* **What the task asks**:
What is the number of lines in the data that include the string "added"? Give it by itself.

# # #

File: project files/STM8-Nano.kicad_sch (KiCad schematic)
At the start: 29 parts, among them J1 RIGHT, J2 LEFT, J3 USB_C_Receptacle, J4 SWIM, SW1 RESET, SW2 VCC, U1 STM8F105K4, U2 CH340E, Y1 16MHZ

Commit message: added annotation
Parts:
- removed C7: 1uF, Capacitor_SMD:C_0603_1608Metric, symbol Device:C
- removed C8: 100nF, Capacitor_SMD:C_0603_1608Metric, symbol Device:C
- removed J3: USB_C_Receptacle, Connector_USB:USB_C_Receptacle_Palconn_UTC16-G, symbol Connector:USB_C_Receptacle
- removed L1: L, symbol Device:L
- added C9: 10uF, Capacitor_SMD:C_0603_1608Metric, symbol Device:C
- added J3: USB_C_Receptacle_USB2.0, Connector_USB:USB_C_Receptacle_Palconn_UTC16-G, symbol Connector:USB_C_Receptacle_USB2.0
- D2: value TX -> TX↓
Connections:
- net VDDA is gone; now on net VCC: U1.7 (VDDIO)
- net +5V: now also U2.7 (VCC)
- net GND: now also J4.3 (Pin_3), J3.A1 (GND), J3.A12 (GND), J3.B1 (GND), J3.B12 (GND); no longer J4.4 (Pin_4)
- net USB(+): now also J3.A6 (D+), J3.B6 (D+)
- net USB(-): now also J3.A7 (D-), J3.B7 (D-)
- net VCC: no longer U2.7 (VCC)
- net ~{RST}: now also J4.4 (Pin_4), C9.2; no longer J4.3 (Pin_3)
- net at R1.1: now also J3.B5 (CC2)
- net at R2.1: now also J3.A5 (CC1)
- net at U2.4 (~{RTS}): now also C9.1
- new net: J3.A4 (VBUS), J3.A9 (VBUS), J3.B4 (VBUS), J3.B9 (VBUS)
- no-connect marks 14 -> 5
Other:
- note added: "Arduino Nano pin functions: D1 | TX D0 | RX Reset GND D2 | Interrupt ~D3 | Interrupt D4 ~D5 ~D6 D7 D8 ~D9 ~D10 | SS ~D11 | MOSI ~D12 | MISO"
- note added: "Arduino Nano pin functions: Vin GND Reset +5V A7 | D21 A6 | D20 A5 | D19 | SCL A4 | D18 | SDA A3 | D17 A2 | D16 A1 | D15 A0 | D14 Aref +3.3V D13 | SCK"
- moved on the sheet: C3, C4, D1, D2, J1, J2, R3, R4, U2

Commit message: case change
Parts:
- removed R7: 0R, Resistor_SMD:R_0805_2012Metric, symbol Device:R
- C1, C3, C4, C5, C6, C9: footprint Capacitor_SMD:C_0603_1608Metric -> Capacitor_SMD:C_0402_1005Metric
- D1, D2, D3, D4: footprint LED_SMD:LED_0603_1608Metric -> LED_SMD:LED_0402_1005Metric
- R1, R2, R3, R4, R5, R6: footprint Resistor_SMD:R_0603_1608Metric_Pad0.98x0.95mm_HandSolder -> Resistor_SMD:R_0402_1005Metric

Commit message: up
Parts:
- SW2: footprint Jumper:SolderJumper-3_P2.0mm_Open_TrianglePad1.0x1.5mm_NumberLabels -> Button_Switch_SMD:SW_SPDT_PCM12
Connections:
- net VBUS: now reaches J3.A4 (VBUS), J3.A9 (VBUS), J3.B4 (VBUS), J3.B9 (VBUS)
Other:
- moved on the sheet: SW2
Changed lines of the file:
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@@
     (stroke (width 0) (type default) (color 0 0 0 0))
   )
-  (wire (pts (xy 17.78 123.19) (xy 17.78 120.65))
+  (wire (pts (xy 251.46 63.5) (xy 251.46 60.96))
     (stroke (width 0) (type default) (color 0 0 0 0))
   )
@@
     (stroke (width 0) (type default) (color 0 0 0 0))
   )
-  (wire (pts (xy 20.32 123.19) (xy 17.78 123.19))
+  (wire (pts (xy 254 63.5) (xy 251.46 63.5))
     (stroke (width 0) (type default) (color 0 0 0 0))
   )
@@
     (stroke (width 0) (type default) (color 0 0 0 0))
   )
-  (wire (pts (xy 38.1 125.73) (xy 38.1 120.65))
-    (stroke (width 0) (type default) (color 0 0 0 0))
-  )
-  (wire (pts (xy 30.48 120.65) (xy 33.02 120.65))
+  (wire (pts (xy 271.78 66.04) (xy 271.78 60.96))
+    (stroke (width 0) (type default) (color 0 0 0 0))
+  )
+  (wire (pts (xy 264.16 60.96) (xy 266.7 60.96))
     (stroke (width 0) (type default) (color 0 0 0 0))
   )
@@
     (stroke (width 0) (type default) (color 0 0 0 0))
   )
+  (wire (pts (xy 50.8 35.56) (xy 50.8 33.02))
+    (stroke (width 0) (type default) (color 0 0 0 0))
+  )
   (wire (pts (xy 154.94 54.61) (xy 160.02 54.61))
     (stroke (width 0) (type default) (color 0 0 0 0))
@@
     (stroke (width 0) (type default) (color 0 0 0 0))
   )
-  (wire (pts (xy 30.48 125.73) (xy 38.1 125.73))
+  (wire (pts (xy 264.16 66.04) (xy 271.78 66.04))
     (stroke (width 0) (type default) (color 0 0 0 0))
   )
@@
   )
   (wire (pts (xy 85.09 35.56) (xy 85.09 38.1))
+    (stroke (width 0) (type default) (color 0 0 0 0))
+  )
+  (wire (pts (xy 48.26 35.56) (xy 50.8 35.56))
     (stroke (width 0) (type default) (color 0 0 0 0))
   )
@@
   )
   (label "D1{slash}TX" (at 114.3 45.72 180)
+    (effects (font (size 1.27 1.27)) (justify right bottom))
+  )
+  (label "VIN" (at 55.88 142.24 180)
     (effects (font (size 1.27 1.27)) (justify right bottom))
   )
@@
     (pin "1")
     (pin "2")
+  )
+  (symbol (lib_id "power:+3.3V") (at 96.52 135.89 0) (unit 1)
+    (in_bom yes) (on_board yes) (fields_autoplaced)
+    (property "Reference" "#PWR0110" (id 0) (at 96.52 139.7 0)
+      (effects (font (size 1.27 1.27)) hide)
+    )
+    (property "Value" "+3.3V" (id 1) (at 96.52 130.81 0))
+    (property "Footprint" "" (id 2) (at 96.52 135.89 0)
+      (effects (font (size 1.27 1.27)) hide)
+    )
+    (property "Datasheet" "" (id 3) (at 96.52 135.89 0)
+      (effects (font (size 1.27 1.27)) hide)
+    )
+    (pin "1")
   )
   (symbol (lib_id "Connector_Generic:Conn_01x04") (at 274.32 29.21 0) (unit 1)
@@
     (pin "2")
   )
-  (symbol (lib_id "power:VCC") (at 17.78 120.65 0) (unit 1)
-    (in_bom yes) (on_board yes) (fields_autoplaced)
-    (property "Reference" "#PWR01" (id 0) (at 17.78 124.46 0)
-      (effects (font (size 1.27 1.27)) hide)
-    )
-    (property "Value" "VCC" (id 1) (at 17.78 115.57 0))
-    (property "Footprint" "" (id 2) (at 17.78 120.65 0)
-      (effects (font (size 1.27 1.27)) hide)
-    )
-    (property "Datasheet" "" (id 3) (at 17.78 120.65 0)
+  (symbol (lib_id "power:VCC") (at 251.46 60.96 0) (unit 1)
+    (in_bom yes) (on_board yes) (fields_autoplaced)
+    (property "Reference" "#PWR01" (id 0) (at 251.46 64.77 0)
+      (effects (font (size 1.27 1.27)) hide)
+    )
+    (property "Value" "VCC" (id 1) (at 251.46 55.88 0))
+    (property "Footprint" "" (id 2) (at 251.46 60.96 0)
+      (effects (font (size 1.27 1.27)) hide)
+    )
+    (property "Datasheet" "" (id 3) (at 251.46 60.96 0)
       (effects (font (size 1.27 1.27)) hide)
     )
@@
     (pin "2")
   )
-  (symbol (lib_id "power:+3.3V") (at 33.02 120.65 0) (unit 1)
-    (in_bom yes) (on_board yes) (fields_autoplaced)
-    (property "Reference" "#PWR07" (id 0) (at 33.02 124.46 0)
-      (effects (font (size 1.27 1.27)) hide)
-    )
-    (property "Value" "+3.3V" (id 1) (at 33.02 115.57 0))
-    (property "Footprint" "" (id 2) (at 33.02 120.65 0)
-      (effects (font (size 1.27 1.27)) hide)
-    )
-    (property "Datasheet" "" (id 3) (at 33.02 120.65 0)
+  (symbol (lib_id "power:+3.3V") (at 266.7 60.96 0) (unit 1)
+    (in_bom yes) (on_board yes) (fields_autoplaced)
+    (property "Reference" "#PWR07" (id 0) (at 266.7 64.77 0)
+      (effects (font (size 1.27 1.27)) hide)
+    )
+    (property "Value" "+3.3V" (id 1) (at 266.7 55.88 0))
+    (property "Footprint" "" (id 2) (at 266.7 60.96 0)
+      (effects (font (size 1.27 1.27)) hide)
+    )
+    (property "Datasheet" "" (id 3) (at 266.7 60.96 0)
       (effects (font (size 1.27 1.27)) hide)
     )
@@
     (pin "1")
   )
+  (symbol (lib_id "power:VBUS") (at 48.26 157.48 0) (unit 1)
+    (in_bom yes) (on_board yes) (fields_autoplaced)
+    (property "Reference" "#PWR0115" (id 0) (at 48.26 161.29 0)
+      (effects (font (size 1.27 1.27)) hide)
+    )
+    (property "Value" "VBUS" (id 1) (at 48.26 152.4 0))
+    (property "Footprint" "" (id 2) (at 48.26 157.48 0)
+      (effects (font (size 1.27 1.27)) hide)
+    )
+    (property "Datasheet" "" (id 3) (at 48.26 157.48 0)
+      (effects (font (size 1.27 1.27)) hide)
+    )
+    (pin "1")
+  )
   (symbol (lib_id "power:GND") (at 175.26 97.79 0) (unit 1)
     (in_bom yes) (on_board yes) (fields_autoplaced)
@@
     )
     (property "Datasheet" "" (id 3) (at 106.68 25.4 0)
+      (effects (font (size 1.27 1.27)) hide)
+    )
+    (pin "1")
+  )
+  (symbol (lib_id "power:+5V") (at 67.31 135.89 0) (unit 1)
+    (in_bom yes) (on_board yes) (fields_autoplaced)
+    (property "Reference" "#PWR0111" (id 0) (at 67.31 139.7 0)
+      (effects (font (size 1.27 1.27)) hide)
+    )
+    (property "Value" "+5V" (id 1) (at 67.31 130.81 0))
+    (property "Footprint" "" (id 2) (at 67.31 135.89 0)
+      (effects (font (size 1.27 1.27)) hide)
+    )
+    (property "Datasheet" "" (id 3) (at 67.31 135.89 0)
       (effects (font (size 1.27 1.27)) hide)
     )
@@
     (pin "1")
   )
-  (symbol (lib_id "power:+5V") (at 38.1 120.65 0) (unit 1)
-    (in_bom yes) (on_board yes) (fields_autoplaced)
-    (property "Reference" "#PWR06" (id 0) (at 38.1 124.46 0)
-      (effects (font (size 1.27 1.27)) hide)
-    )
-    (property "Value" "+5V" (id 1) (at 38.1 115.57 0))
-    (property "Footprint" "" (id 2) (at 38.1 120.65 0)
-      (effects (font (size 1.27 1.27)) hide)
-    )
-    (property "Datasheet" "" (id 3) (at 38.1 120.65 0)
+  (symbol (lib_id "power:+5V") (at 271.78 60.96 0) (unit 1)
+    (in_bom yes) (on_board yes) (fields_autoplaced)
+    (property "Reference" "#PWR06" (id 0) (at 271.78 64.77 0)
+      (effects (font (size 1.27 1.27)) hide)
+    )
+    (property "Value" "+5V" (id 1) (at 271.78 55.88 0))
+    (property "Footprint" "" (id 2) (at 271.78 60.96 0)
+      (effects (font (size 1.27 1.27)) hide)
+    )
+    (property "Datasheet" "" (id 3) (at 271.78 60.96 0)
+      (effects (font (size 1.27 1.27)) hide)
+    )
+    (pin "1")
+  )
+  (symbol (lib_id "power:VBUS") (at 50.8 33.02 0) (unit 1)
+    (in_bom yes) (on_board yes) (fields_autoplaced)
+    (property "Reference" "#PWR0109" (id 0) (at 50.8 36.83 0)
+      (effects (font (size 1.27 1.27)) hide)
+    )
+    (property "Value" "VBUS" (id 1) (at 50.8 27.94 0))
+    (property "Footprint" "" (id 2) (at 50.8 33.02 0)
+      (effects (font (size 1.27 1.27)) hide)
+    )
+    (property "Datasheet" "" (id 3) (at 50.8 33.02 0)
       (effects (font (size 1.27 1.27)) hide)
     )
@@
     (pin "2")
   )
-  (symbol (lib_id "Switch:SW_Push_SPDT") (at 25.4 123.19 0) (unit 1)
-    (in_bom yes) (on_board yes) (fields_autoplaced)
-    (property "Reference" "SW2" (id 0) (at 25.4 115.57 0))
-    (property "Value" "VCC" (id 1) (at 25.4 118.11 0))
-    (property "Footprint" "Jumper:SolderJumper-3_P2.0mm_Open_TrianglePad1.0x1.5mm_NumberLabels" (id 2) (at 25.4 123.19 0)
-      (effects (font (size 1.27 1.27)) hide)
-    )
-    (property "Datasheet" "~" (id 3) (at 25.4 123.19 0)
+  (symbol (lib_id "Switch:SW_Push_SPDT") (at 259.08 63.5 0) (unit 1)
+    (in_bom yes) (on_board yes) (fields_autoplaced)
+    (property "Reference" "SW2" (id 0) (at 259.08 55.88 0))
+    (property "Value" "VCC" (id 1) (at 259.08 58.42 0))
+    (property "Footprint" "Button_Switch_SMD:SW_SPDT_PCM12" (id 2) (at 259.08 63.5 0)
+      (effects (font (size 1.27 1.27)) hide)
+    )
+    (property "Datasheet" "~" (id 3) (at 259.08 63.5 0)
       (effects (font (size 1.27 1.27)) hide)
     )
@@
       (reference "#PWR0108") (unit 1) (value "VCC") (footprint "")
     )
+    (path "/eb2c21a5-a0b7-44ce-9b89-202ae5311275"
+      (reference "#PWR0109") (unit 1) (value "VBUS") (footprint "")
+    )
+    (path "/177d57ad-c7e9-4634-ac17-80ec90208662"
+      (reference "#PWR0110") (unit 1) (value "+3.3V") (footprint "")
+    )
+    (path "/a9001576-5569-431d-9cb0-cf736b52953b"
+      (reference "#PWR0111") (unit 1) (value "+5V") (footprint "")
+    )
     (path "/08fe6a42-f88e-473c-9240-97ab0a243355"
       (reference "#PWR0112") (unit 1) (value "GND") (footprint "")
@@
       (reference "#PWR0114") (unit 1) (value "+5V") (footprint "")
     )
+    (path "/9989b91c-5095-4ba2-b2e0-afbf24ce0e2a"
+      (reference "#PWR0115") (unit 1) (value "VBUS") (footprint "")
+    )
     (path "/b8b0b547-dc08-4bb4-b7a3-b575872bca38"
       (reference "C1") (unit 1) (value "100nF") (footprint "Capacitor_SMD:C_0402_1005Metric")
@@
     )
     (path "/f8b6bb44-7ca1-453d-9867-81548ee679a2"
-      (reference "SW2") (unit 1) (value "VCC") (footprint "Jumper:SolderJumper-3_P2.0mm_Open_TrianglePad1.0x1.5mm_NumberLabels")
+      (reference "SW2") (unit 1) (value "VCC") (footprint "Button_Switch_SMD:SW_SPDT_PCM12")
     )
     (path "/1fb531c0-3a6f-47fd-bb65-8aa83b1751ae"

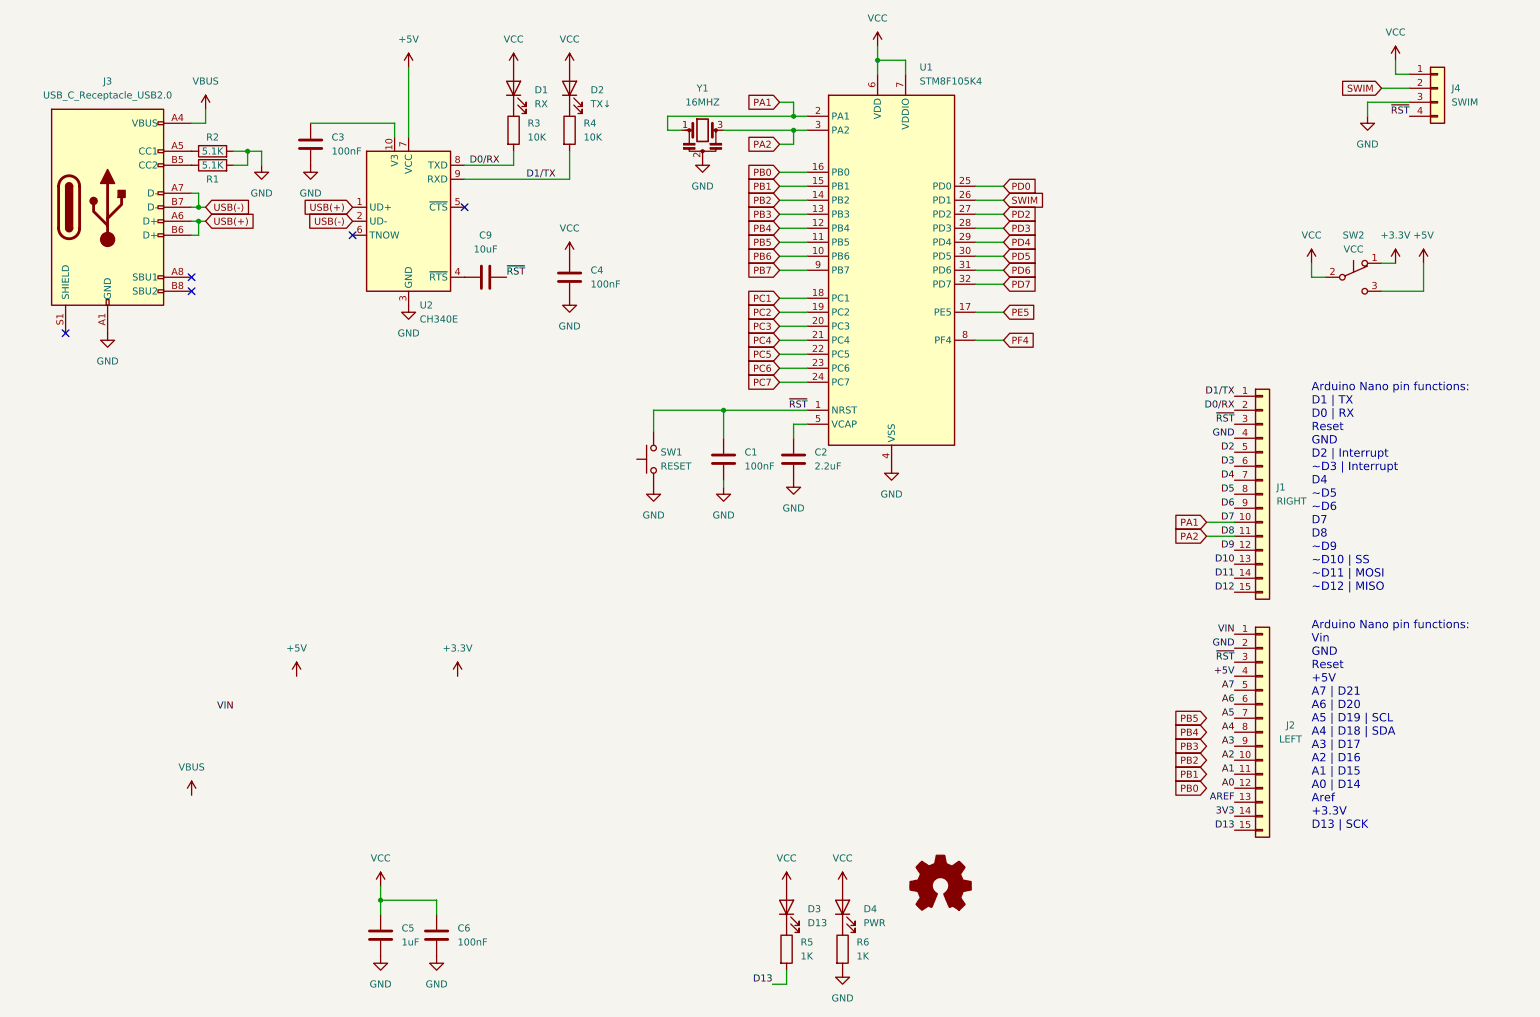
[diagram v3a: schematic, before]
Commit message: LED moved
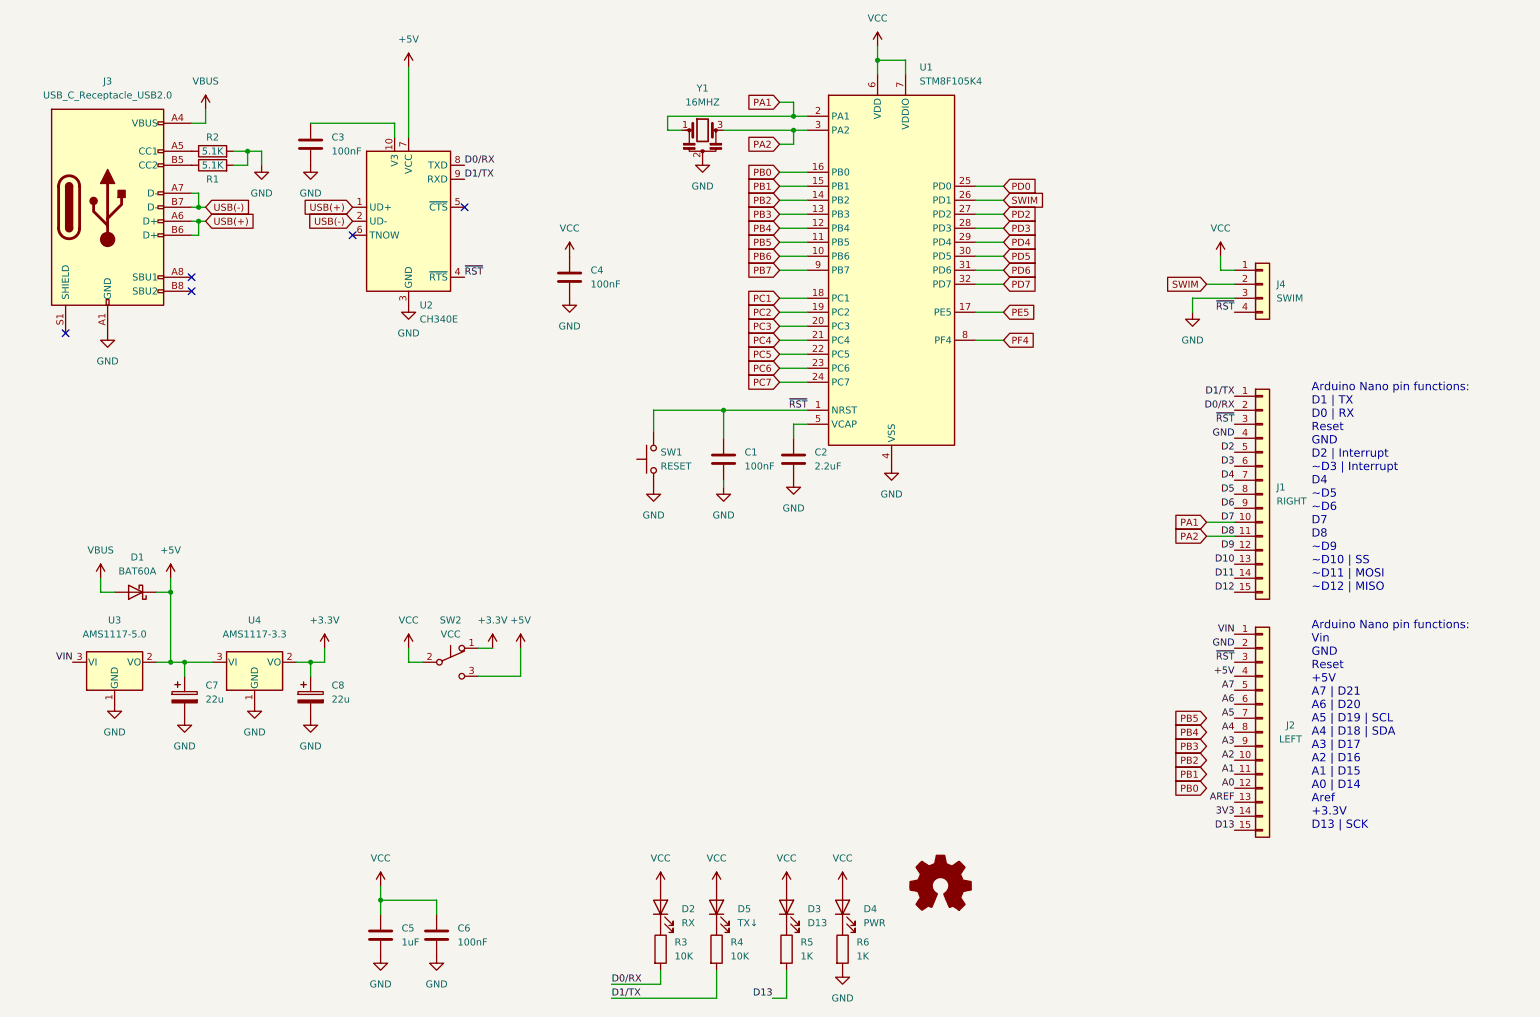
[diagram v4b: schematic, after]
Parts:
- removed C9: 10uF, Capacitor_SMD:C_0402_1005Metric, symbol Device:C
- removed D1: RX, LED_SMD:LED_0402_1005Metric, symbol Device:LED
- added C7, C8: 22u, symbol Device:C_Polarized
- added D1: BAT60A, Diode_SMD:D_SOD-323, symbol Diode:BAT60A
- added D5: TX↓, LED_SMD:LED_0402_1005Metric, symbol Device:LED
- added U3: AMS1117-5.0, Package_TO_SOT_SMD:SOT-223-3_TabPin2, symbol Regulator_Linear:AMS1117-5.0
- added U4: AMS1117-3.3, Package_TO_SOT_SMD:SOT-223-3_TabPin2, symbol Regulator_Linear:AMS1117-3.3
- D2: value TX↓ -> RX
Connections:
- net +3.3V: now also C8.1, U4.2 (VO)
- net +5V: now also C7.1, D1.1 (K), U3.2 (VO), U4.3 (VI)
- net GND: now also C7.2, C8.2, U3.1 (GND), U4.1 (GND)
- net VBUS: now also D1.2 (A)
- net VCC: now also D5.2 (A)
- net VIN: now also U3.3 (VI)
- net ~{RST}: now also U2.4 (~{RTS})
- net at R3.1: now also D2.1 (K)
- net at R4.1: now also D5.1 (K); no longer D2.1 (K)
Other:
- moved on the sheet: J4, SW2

# # #

* **Final answer**:
10